** DATASET EXCERPTS follows **

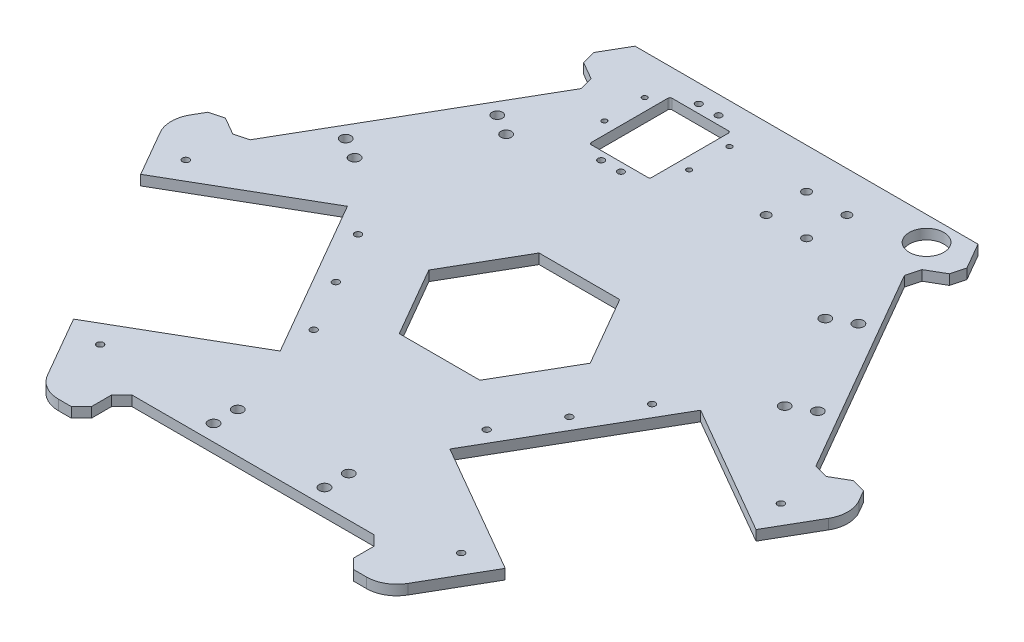
SolidWorks part; units mm, degrees
material "5052-O"
ref_plane "前基準面" through (0, 0, 0) normal (0, 0, 1) x (1, 0, 0)
ref_plane "上基準面" through (0, 0, 0) normal (0, 1, 0) x (1, 0, 0)
ref_plane "右基準面" through (0, 0, 0) normal (1, 0, 0) x (0, 0, -1)
sketch "草圖1" plane through (0, 0, 0) normal (0, 1, 0) x (1, 0, 0)
  line L1 (85, 147.2243) -> (-85, 147.2243)
  line L2 (-85, 147.2243) -> (-170, 0)
  line L3 (-170, 0) -> (-85, -147.2243)
  line L4 (-85, -147.2243) -> (85, -147.2243)
  line L5 (85, -147.2243) -> (170, 0)
  line L6 (170, 0) -> (85, 147.2243)
  circle A0 centre (0, 0) radius 147.2243 construction
  dimension "D1" = 170
extrude "填料-伸長1" add sketch "草圖1" along normal blind 5
ref_axis "基準軸1" through (0, -0.25, 0) along (0, 1, 0)
sketch "草圖46" plane through (0, 5, 0) normal (0, 1, 0) x (1, 0, 0)
  line L0 (-65, -147.2243) -> (65, -147.2243)
  line L1 (-65, -147.2243) -> (-65, -127.2243)
  line L2 (65, -147.2243) -> (65, -127.2243)
  line L3 (-65, -127.2243) -> (65, -127.2243)
  line L4 (-85, -147.2243) -> (85, -147.2243) construction
  point P6 (0, -147.2243)
  point P7 (0, -147.2243)
  dimension "D1" = 20
  dimension "D2" = 130
extrude "除料-伸長31" cut sketch "草圖46" against normal up to next
sketch "草圖8" plane through (0, 5, 0) normal (0, 1, 0) x (1, 0, 0)
  line L0 (65, -127.2243) -> (-65, -127.2243) construction
  line L2 (-27.5, -107.2243) -> (27.5, -107.2243) construction
  line L3 (-27.5, -107.2243) -> (-27.5, -119.2243) construction
  line L4 (-27.5, -119.2243) -> (27.5, -119.2243) construction
  line L5 (27.5, -107.2243) -> (27.5, -119.2243) construction
  circle A0 centre (-27.5, -119.2243) radius 2.6
  circle A1 centre (27.5, -119.2243) radius 2.6
  circle A2 centre (-27.5, -107.2243) radius 2.6
  circle A3 centre (27.5, -107.2243) radius 2.6
  point P7 (0, -119.2243)
  point P14 (0, -127.2243)
  dimension "D3" = 5.2
  dimension "D1" = 55
  dimension "D2" = 12
  dimension "D4" = 8
extrude "除料-伸長6" cut sketch "草圖8" against normal through all
pattern_circular "環狀複製排列1" count 3 over 360 about axis through (0, -0.25, 0) along (0, 1, 0) of "除料-伸長6", "除料-伸長31"
chamfer "導角1" distance 5 angle 45 12 edges at (65, 2.5, 127.2243) (65, 2.5, 147.2243) (-65, 2.5, 147.2243) (-65, 2.5, 127.2243) (77.6795, 2.5, -119.9038) (95, 2.5, -129.9038) (160, 2.5, -17.3205) (142.6795, 2.5, -7.3205) (-160, 2.5, -17.3205) (-142.6795, 2.5, -7.3205) (-77.6795, 2.5, -119.9038) (-95, 2.5, -129.9038)
sketch "草圖5" plane through (0, 5, 0) normal (0, 1, 0) x (1, 0, 0)
  line L0 (-152.5, -30.3109) -> (-107, -109.1192)
  line L1 (-152.5, -30.3109) -> (-87.5481, 7.1891)
  line L2 (-107, -109.1192) -> (-42.0481, -71.6192)
  line L3 (-87.5481, 7.1891) -> (-42.0481, -71.6192)
  line L4 (-170, 0) -> (-85, -147.2243) construction
  dimension "D1" = 75
  dimension "D2" = 91
  dimension "35" = 35
extrude "除料-伸長4" cut sketch "草圖5" against normal through all
sketch "草圖9" plane through (0, 5, 0) normal (0, 1, 0) x (1, 0, 0)
  line L0 (-64.7981, -32.215) -> (-118.4917, -63.215) construction
  line L1 (-42.0481, -71.6192) -> (-87.5481, 7.1891) construction
  line L2 (-118.4917, -63.215) -> (-89.4917, -113.4445) construction
  line L3 (-118.4917, -63.215) -> (-147.4917, -12.9856) construction
  circle A0 centre (-89.4917, -113.4445) radius 1.65
  circle A1 centre (-147.4917, -12.9856) radius 1.65
  dimension "D2" = 3.3
  dimension "D1" = 58
  dimension "D3" = 62
  dimension "D4" = 58
extrude "除料-伸長7" cut sketch "草圖9" against normal through all
mirror "鏡射1" about plane through (0, 0, 0) normal (1, 0, 0) of "除料-伸長4", "除料-伸長7"
fillet "圓角1" radius 15 4 edges at (170, 2.5, 0) (85, 2.5, 147.2243) (-170, 2.5, 0) (-85, 2.5, 147.2243)
sketch "草圖36" plane through (0, 5, 0) normal (0, 1, 0) x (1, 0, 0)
  line L0 (-72.8699, -2.2343) -> (-57.8699, -28.215) construction
  line L1 (-42.0481, -71.6192) -> (-87.5481, 7.1891) construction
  line L2 (-42.8699, -54.1958) -> (-57.8699, -28.215) construction
  line L3 (-57.8699, -28.215) -> (-64.7981, -32.215) construction
  circle A0 centre (-57.8699, -28.215) radius 1.25
  circle A1 centre (-42.8699, -54.1958) radius 1.25
  circle A2 centre (-72.8699, -2.2343) radius 1.25
  point P7 (-50.3699, -41.2054)
  point P10 (-64.7981, -32.215)
  dimension "D3" = 2.5
  dimension "D1" = 30
  dimension "D2" = 30
  dimension "D4" = 8
hole_wizard "M4x0.7 螺紋孔4" positions "草圖40" profile "草圖41" tap size "M4x0.7" standard "Ansi Metric" end condition through all
sketch "草圖40" plane through (0, 5, 0) normal (0, 1, 0) x (1, 0, 0)
  point P0 (-72.8699, -2.2343)
  point P3 (-57.8699, -28.215)
  point P6 (-42.8699, -54.1958)
sketch "草圖41" plane through (-72.8699, 5, 2.2343) normal (1, 0, 0) x (0, 0, 1)
  line L0 (0, 0) -> (0, 5)
  line L1 (0, 5) -> (1.65, 5)
  line L2 (1.65, 5) -> (1.65, 0)
  line L5 (1.65, 0) -> (0, 0)
  line L11 (0, -6.35) -> (0, 107.95) construction
  dimension "貫穿螺孔鑽直徑" = 3.3
  dimension "貫穿螺孔鑽深度" = 5
cosmetic thread "鑽孔螺紋1" parameters "D1"=10, "D2"=4.3
cosmetic thread "鑽孔螺紋2" parameters "D1"=10, "D2"=4.3
cosmetic thread "鑽孔螺紋3" parameters "D1"=10, "D2"=4.3
mirror "鏡射2" about plane through (0, 0, 0) normal (1, 0, 0) of "M4x0.7 螺紋孔4"
sketch "草圖51" plane through (0, 5, 0) normal (0, 1, 0) x (1, 0, 0)
  line L0 (85, 147.2243) -> (-85, 147.2243) construction
  line L1 (20, 34.641) -> (-20, 34.641)
  line L2 (-20, 34.641) -> (-40, 0)
  line L3 (-40, 0) -> (-20, -34.641)
  line L4 (-20, -34.641) -> (20, -34.641)
  line L5 (20, -34.641) -> (40, 0)
  line L6 (40, 0) -> (20, 34.641)
  circle A0 centre (0, 0) radius 34.641 construction
  dimension "D1" = 40
extrude "除料-伸長35" cut sketch "草圖51" against normal up to next
sketch "草圖53" plane through (0, 5, 0) normal (0, 1, 0) x (1, 0, 0)
  line L0 (85, 147.2243) -> (-85, 147.2243) construction
  line L1 (20, 127.2243) -> (40, 127.2243) construction
  line L2 (20, 127.2243) -> (20, 107.2243) construction
  line L3 (20, 107.2243) -> (40, 107.2243) construction
  line L4 (40, 127.2243) -> (40, 107.2243) construction
  line L5 (20, 127.2243) -> (-85, 127.2243) construction
  line L6 (-85, 127.2243) -> (-85, 147.2243) construction
  circle A0 centre (20, 127.2243) radius 2.1
  dimension "D4" = 4.2
  dimension "D1" = 20
  dimension "D2" = 20
  dimension "D3" = 20
  dimension "D5" = 90
  dimension "D6" = 105
extrude "除料-伸長37" cut sketch "草圖53" against normal up to next
pattern_linear "直線複製排列1" count 2 spacing 20 along (1, 0, 0) count 2 spacing 20 along (0, 0, 1) of "除料-伸長37"
sketch "草圖54" plane through (0, 5, 0) normal (0, 1, 0) x (1, 0, 0)
  circle A0 centre (71.5, 135.2243) radius 8.55
  circle A1 centre (40, 127.2243) radius 2.1 construction
  dimension "D1" = 17.1
  dimension "D2" = 31.5
  dimension "D3" = 8
extrude "除料-伸長38" cut sketch "草圖54" against normal up to next
sketch "草圖56" plane through (0, 0, 0) normal (0, -1, 0) x (-1, 0, 0)
  line L0 (-85, 147.2243) -> (85, 147.2243) construction
  line L2 (34.6, 89.8243) -> (34.6, 138.2243) construction
  line L3 (34.6, 138.2243) -> (44.4, 138.2243) construction
  line L4 (44.4, 138.2243) -> (44.4, 89.8243) construction
  circle A0 centre (34.6, 138.2243) radius 1.6
  circle A1 centre (44.4, 138.2243) radius 1.6
  circle A2 centre (44.4, 89.8243) radius 1.6
  circle A3 centre (34.6, 89.8243) radius 1.6
  point P2 (0, 147.2243)
  point P5 (39.5, 138.2243)
  dimension "D1" = 3.2
  dimension "D2" = 9
  dimension "D3" = 39.5
  dimension "D6" = 48.4
  dimension "D7" = 9.8
  dimension "D4" = 2
  dimension "D5" = 2
extrude "除料-伸長40" cut sketch "草圖56" against normal blind 10 contours A3 | A2 | A1 | A0
sketch "草圖55" plane through (0, 5, 0) normal (0, 1, 0) x (1, 0, 0)
  line L1 (-24.5, 134.0243) -> (-54.5, 134.0243)
  line L2 (-24.5, 134.0243) -> (-24.5, 94.0243)
  line L3 (-24.5, 94.0243) -> (-54.5, 94.0243)
  line L4 (-54.5, 134.0243) -> (-54.5, 94.0243)
  line L5 (85, 147.2243) -> (-85, 147.2243) construction
  circle A2 centre (-34.6, 138.2243) radius 1.6 construction
  point P6 (-39.5, 134.0243)
  point P9 (0, 147.2243)
  dimension "D3" = 4.2
  dimension "D1" = 40
  dimension "D2" = 30
  dimension "D4" = 39.5
extrude "除料-伸長39" cut sketch "草圖55" against normal blind 10 contours L2 L1 L4 L3
fillet "圓角2" radius 1 4 edges at (-54.5, 2.5, -94.0243) (-24.5, 2.5, -94.0243) (-24.5, 2.5, -134.0243) (-54.5, 2.5, -134.0243)
hole_wizard "M3x0.5 螺紋孔1" positions "草圖58" profile "草圖59" tap size "M3x0.5" standard "Ansi Metric"
sketch "草圖58" plane through (0, 5, 0) normal (0, 1, 0) x (1, 0, 0)
  line L1 (-60.5, 127.5243) -> (-18.5, 127.5243) construction
  line L2 (-60.5, 127.5243) -> (-60.5, 107.5243) construction
  line L3 (-60.5, 107.5243) -> (-18.5, 107.5243) construction
  line L4 (-18.5, 127.5243) -> (-18.5, 107.5243) construction
  line L5 (-25.5, 134.0243) -> (-53.5, 134.0243) construction
  point P0 (-60.5, 127.5243)
  point P2 (-60.5, 107.5243)
  point P4 (-18.5, 107.5243)
  point P6 (-18.5, 127.5243)
  point P110 (-39.5, 127.5243)
  point P113 (-39.5, 134.0243)
  dimension "D1" = 20
  dimension "D2" = 42
  dimension "D3" = 6.5
sketch "草圖59" plane through (-60.5, 5, -127.5243) normal (1, 0, 0) x (0, 0, 1)
  line L0 (0, 0) -> (0, 9.2511)
  line L1 (0, 9.2511) -> (1.25, 8.5)
  line L2 (1.25, 8.5) -> (1.25, 0)
  line L5 (1.25, 0) -> (0, 0)
  line L10 (0, 9.2511) -> (-1.25, 8.5) construction
  line L11 (0, -6.35) -> (0, 107.95) construction
  dimension "螺孔鑽直徑" = 2.5
  dimension "螺孔鑽深度" = 8.5
  dimension "導頭角度" = 118
cosmetic thread "鑽孔螺紋4" parameters "D1"=6, "D2"=3
cosmetic thread "鑽孔螺紋5" parameters "D1"=6, "D2"=3
cosmetic thread "鑽孔螺紋6" parameters "D1"=6, "D2"=3
cosmetic thread "鑽孔螺紋7" parameters "D1"=6, "D2"=3

** End of DATASET EXCERPTS **

* **WHAT TO PRODUCE**: Retype the entries above exactly, starting at their first line and ending with the line that holds "line L5 (85, -147.2243) -> (170, 0)"; pictures stay out.

* **EXERCISE RESULT**:
SolidWorks part; units mm, degrees
material "5052-O"
ref_plane "前基準面" through (0, 0, 0) normal (0, 0, 1) x (1, 0, 0)
ref_plane "上基準面" through (0, 0, 0) normal (0, 1, 0) x (1, 0, 0)
ref_plane "右基準面" through (0, 0, 0) normal (1, 0, 0) x (0, 0, -1)
sketch "草圖1" plane through (0, 0, 0) normal (0, 1, 0) x (1, 0, 0)
  line L1 (85, 147.2243) -> (-85, 147.2243)
  line L2 (-85, 147.2243) -> (-170, 0)
  line L3 (-170, 0) -> (-85, -147.2243)
  line L4 (-85, -147.2243) -> (85, -147.2243)
  line L5 (85, -147.2243) -> (170, 0)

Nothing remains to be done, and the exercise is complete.